Only one stretch of the records below should be repeated. It starts with the line containing "tdCtrl = int16(Td*(error-pid(6)));" and goes on through the line containing "tdCtrl > pid(5)", exactly as written.

[Extracted information]

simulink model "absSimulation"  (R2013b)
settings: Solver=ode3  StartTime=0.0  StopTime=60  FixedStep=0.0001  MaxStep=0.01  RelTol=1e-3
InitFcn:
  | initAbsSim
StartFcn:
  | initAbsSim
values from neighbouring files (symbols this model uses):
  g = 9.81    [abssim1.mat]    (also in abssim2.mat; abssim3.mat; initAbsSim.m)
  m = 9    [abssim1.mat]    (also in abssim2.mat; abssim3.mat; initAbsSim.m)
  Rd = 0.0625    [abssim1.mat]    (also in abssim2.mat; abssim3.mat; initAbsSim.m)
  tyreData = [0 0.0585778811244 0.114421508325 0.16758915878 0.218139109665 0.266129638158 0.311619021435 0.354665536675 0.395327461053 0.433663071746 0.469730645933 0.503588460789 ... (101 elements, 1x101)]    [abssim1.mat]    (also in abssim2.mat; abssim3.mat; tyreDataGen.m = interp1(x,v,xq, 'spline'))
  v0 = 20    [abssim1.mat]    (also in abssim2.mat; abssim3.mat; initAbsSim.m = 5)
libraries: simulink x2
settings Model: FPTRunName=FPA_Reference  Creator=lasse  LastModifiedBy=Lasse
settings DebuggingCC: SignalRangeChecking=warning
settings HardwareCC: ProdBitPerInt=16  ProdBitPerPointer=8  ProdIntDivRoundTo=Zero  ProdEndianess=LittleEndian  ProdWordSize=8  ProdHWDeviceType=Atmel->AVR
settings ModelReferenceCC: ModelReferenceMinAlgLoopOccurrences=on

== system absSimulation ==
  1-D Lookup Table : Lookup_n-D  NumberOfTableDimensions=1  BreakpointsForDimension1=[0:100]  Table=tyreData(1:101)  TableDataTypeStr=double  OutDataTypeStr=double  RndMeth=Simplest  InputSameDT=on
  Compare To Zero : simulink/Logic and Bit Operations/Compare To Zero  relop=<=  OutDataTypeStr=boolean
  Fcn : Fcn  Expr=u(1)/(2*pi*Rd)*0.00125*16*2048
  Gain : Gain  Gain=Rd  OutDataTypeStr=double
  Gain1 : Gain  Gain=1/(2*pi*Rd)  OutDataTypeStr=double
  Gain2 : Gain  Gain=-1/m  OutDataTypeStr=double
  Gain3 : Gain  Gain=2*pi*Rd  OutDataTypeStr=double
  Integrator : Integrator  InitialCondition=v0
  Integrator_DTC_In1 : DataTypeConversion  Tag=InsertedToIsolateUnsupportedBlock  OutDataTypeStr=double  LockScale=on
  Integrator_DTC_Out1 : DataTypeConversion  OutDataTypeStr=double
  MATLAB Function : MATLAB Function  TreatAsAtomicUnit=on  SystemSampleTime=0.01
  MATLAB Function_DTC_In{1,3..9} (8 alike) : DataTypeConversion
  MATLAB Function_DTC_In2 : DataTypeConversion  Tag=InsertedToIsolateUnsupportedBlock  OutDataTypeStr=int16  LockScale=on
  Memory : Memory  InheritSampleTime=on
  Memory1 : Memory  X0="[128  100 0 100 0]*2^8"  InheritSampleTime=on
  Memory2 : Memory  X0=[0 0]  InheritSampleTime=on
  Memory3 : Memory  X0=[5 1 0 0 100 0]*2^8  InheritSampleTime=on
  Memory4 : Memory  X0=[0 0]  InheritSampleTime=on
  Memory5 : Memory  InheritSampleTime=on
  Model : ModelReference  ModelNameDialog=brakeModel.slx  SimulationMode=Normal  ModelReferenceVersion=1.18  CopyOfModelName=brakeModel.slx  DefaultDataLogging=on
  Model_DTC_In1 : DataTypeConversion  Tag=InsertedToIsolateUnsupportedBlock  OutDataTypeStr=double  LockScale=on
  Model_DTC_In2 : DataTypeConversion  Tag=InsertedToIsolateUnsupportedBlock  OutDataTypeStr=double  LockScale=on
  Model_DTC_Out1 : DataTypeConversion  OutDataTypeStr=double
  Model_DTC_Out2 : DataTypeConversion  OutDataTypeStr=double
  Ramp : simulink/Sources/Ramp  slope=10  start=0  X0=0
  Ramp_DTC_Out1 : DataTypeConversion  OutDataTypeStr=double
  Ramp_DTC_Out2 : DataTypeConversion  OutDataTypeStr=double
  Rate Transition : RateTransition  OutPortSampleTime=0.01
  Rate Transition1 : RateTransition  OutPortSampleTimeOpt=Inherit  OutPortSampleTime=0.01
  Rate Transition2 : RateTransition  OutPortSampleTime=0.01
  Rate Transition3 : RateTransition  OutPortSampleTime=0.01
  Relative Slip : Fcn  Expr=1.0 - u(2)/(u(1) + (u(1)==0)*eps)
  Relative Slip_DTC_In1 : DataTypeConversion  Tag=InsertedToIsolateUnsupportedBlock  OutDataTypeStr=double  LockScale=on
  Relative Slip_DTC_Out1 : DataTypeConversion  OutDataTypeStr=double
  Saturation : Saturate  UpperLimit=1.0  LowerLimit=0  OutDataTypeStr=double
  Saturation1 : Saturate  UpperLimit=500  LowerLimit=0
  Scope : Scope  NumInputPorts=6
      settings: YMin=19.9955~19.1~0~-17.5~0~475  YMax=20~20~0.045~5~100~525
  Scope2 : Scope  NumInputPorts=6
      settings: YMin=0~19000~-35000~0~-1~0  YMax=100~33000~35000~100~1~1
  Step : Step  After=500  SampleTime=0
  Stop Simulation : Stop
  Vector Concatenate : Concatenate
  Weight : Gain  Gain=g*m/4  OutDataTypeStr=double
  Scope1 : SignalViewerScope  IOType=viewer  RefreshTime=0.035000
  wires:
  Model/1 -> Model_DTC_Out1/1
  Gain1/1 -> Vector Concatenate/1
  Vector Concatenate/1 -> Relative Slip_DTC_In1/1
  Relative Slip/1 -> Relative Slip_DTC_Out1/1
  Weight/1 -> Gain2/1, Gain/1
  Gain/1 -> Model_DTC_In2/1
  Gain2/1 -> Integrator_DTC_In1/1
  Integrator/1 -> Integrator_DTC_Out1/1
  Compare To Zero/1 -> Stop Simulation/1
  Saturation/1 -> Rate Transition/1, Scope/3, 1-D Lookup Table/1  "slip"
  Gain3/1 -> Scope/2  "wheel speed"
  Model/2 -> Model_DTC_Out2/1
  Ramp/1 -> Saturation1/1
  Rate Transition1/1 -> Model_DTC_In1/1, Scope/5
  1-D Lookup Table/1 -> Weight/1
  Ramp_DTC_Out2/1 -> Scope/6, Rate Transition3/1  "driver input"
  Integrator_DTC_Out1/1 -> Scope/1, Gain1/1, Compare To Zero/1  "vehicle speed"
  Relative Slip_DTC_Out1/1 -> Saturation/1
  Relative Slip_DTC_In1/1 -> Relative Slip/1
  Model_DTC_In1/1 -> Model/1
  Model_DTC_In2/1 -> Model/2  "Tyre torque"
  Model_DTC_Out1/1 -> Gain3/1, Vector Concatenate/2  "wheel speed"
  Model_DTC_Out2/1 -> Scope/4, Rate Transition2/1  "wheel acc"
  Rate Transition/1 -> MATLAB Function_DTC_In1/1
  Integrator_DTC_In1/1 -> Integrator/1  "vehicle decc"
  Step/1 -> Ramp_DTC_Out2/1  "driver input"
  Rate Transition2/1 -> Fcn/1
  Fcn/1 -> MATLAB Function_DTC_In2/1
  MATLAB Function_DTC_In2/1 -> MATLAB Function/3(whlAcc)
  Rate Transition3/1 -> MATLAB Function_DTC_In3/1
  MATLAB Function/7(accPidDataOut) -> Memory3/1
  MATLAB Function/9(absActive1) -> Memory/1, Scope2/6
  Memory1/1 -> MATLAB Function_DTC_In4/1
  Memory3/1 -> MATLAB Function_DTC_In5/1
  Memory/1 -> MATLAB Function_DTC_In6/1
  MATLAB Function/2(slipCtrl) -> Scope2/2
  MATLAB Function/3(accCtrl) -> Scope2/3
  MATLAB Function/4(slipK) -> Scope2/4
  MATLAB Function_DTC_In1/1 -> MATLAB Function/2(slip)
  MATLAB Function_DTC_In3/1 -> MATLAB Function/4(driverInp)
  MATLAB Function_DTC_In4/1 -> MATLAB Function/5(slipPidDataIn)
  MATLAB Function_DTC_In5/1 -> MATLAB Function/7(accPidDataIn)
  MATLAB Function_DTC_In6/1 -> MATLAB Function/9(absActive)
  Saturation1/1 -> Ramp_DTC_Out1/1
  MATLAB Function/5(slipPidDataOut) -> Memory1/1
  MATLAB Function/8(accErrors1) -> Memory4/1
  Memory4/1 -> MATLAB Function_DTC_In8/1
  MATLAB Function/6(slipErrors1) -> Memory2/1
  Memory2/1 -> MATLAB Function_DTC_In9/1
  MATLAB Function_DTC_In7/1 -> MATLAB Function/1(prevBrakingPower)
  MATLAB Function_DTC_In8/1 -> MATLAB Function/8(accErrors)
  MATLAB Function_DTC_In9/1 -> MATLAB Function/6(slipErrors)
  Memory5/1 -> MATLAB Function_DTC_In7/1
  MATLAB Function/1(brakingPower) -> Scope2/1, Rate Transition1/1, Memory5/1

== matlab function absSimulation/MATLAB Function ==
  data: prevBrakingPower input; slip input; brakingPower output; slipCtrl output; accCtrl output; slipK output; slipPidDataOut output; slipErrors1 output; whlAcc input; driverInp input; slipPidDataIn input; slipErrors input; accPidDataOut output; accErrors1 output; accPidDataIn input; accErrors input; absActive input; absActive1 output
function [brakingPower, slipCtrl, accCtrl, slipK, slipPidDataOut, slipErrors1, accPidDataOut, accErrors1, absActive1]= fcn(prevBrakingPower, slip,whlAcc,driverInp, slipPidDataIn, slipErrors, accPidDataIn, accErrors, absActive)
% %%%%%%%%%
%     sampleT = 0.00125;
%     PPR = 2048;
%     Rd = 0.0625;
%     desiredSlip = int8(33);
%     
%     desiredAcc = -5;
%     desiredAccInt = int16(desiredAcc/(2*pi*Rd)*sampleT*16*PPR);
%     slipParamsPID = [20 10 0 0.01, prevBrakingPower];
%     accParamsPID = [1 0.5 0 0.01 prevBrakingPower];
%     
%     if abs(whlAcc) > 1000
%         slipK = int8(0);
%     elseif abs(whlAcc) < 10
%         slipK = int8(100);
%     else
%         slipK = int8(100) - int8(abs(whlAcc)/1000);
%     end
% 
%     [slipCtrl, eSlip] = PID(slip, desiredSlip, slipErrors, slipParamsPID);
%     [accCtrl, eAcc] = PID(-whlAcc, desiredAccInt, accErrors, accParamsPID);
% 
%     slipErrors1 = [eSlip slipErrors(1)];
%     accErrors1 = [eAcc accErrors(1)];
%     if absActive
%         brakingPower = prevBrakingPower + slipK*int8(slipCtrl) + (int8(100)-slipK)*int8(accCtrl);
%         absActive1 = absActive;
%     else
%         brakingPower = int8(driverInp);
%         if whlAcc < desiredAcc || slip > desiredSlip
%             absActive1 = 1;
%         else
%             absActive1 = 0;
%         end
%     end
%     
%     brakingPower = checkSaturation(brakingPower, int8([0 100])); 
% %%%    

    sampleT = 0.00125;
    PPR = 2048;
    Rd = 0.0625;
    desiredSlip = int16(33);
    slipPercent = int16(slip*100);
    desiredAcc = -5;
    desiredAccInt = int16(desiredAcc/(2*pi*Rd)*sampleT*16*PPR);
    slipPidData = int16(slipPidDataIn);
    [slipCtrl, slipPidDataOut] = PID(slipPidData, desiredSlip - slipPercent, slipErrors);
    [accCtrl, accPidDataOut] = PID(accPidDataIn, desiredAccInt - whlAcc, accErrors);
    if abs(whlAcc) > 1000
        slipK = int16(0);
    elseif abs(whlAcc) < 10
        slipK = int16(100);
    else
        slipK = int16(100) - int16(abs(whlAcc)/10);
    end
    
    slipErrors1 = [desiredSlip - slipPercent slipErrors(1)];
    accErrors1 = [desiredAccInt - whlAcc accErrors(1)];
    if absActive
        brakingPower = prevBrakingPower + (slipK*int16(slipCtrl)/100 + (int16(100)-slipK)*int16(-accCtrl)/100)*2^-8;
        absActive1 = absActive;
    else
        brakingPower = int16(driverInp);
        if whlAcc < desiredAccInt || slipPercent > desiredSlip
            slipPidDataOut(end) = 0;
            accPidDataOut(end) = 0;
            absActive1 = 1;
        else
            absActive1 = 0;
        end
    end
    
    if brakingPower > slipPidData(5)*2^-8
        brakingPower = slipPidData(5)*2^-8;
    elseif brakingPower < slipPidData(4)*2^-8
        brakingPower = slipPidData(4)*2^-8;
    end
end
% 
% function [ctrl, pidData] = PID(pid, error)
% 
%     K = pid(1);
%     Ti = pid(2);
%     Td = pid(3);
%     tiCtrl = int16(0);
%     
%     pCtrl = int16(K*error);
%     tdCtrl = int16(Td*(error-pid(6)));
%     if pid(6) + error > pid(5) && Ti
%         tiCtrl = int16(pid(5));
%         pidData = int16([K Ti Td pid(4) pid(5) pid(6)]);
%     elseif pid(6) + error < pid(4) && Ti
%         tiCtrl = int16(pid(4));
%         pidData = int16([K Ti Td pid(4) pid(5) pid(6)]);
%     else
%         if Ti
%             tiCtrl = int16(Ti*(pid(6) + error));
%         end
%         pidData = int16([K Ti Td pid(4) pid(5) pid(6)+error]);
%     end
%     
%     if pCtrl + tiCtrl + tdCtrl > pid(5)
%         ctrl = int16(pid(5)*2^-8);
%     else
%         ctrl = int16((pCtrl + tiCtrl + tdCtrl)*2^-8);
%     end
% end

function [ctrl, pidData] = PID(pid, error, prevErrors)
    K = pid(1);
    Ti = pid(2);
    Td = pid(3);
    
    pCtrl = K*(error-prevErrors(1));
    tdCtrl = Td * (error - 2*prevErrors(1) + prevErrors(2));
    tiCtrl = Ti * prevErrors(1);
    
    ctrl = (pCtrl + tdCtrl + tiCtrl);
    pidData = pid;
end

[/Extracted information]

Solution to this exercise
%     tdCtrl = int16(Td*(error-pid(6)));
%     if pid(6) + error > pid(5) && Ti
%         tiCtrl = int16(pid(5));
%         pidData = int16([K Ti Td pid(4) pid(5) pid(6)]);
%     elseif pid(6) + error < pid(4) && Ti
%         tiCtrl = int16(pid(4));
%         pidData = int16([K Ti Td pid(4) pid(5) pid(6)]);
%     else
%         if Ti
%             tiCtrl = int16(Ti*(pid(6) + error));
%         end
%         pidData = int16([K Ti Td pid(4) pid(5) pid(6)+error]);
%     end
%     
%     if pCtrl + tiCtrl + tdCtrl > pid(5)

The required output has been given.